WHAT THE TASK REQUIRES -> In total, how many lines of the data contain the word "LibrarySourceBlock"? Only that number is wanted.

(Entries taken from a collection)
-------------------------
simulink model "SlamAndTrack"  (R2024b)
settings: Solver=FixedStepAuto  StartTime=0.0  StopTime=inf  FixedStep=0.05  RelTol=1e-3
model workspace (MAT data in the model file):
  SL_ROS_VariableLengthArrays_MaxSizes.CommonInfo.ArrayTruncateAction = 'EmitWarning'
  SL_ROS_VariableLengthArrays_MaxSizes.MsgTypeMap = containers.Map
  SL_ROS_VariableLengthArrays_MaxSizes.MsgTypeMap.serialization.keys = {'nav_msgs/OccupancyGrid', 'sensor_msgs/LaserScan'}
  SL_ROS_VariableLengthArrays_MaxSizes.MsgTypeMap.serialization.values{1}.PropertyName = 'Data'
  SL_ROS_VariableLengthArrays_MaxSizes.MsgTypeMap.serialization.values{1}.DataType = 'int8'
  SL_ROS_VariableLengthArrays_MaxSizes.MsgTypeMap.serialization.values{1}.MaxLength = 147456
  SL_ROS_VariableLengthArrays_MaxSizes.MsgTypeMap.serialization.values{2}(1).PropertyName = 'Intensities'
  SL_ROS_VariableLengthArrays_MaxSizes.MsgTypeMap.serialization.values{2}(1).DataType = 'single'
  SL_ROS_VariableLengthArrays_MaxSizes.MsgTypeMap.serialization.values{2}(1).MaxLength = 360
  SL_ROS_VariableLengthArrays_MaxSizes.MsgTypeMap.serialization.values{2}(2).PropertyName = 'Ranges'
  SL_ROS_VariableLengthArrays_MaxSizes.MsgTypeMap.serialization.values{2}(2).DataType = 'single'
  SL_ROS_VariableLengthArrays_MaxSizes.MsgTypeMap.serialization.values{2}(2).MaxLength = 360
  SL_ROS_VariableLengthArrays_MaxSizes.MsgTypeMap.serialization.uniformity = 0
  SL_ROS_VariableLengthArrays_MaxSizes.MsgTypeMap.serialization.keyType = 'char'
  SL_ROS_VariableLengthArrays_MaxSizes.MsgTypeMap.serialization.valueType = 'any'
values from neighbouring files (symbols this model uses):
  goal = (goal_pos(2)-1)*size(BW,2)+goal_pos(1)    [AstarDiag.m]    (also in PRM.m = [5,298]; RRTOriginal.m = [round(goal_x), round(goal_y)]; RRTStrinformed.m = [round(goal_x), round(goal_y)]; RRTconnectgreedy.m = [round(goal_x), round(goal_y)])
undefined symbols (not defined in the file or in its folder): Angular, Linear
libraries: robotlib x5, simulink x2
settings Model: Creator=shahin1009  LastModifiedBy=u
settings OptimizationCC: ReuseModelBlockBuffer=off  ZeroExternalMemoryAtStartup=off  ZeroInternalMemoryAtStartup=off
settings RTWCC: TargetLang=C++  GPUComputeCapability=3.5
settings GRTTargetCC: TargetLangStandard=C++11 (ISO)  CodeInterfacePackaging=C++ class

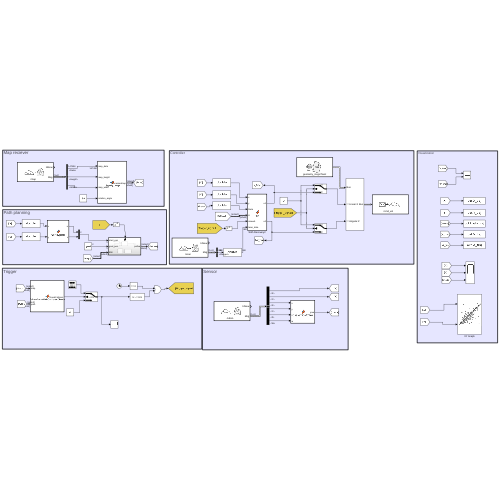
[thumbnail: Simulink's stored preview of the top-level diagram]
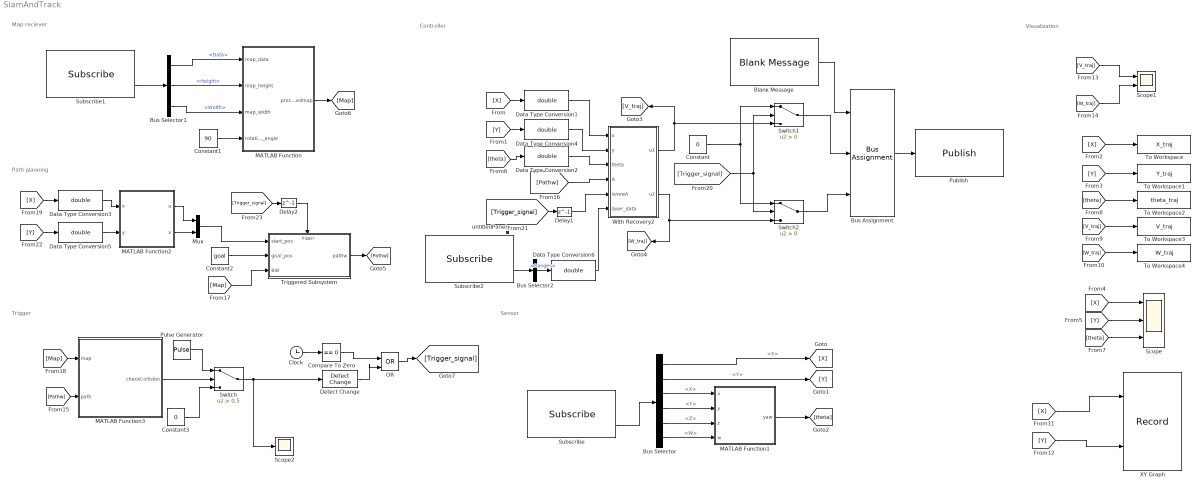
== system SlamAndTrack ==
  note: Visualization
  note: Sensor
  note: Controller
  note: Map reciever
  note: Path planning
  note: Trigger
  Blank Message : robotlib/Blank Message  messageClass=Message  entityType=geometry_msgs/Twist  messageType=geometry_msgs/Twist  SampleTime=inf  legacyBusStruct=off
      settings: LibrarySourceBlock=roslib/ROS/Blank Message
  Bus Assignment : BusAssignment  AssignedSignals=Linear.X,Angular.Z
  Bus Selector : BusSelector  OutputSignals=Pose.Pose.Position.X,Pose.Pose.Position.Y,Pose.Pose.Orientation.X,Pose.Pose.Orientation.Y,Pose.Pose.Orientation.Z,Pose.Pose.Orientation.W
  Bus Selector1 : BusSelector  OutputSignals=Data,Info.Height,Info.Width
  Bus Selector2 : BusSelector  OutputSignals=Ranges
  Clock : Clock
  Compare To Zero : simulink/Logic and Bit Operations/Compare To Zero  relop===  OutDataTypeStr=boolean
  Constant : Constant  Value=0
  Constant1 : Constant  Value=90
  Constant2 : Constant  Value=goal
  Constant3 : Constant  Value=0
  Data Type Conversion{1..6} (6 alike) : DataTypeConversion  OutDataTypeStr=double  SaturateOnIntegerOverflow=off  RndMeth=Floor
  Delay1 : Delay  DelayLength=1  InputProcessing=Columns as channels (frame based)
  Delay2 : Delay  DelayLength=1  InputProcessing=Columns as channels (frame based)
  Detect Change : simulink/Logic and Bit Operations/Detect Change  vinit=0  OutDataTypeStr=boolean
  MATLAB Function : MATLAB Function  TreatAsAtomicUnit=on
  MATLAB Function1 : MATLAB Function  TreatAsAtomicUnit=on
  MATLAB Function2 : MATLAB Function  TreatAsAtomicUnit=on
  MATLAB Function3 : MATLAB Function  TreatAsAtomicUnit=on
  Mux : Mux  Inputs=2
  OR : Logic  Operator=OR  IconShape=distinctive  AllPortsSameDT=off  OutDataTypeStr=boolean
  Publish : robotlib/Publish  topicSource=Select from ROS network  topic=/cmd_vel  messageType=geometry_msgs/Twist  legacyBusStruct=off  messageQueueLength=1
      settings: LibrarySourceBlock=roslib/ROS/Publish
  Pulse Generator : DiscretePulseGenerator
  Scope : Scope  NumInputPorts=3
  Scope1 : Scope  NumInputPorts=2
  Scope2 : Scope
  Subscribe : robotlib/Subscribe  topicSource=Select from ROS network  topic=/odom  messageType=nav_msgs/Odometry  SampleTime=-1  legacyBusStruct=off  messageQueueLength=1
      settings: LibrarySourceBlock=roslib/ROS/Subscribe
  Subscribe1 : robotlib/Subscribe  topicSource=Select from ROS network  topic=/map  messageType=nav_msgs/OccupancyGrid  SampleTime=-1  legacyBusStruct=off  messageQueueLength=1
  Subscribe2 : robotlib/Subscribe  topicSource=Select from ROS network  topic=/scan  messageType=sensor_msgs/LaserScan  SampleTime=-1  legacyBusStruct=off  messageQueueLength=1
  Switch : Switch  Criteria=u2 > Threshold  Threshold=0.5  SaturateOnIntegerOverflow=off  InputSameDT=off
  Switch1 : Switch  Criteria=u2 > Threshold  SaturateOnIntegerOverflow=off  InputSameDT=off
  Switch2 : Switch  Criteria=u2 > Threshold  SaturateOnIntegerOverflow=off  InputSameDT=off
  To Workspace : ToWorkspace  VariableName=X_traj  SaveFormat=Timeseries  SampleTime=-1
  To Workspace1 : ToWorkspace  VariableName=Y_traj  SaveFormat=Timeseries  SampleTime=-1
  To Workspace2 : ToWorkspace  VariableName=theta_traj  SaveFormat=Timeseries  SampleTime=-1
  To Workspace3 : ToWorkspace  VariableName=V_traj  SaveFormat=Timeseries  SampleTime=-1
  To Workspace4 : ToWorkspace  VariableName=W_traj  SaveFormat=Timeseries  SampleTime=-1
  Triggered Subsystem : Subsystem  TreatAsAtomicUnit=on
  With Recovery2 : MATLAB Function  TreatAsAtomicUnit=on
  XY Graph : Record  FileSettingsInternal="{\"entries\":[{\"content\":{\"excelSettings\":{\"content\":{},\"type\":\"Streamout.ExcelSettings\"}},\"type\":\"Streamout.FileSettingStorage\",\"uuid\":\"\"}],\"packageUris\":[\"http:\\/\\/schema.mathworks.com\\/mf0\\/streamout_blocks\\/R2020a\"],\"version\":\"1.0\"}"  Layout=[1 1]  SignalsInternal="{\"entries\":[{\"content\":{\"signals\":[{\"content\":{\"blockPath\":[],\"dimensions\":[1],\"domain\":\"\",\"lineColor\":\"#a2142f\",\"plots\":[ 1 ],\"port\":1,\"sid\":[\"\"],\"signalID\":1,\"signalName\":\"From11\"},\"type\":\"RecordBlkView.Signal\",\"uuid\":\"\"},{\"content\":{\"blockPath\":[],\"dimensions\":[1],\"domain\":\"\",\"lineColor\":\"#139fff\",\"plots\":[ 1 ],\"port\":2,\"sid\":[\"\"],\"signalID\":2,\"signalName\":\"From12\"},\"type\":\"RecordBlkView.Signal\",\"uuid\":\"\"}]},\"type\":\"RecordBlkView.InputSignals\",\"uuid\":\"\"}],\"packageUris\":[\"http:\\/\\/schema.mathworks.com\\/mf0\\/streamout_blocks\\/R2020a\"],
-------------------------
SOLUTION -> 3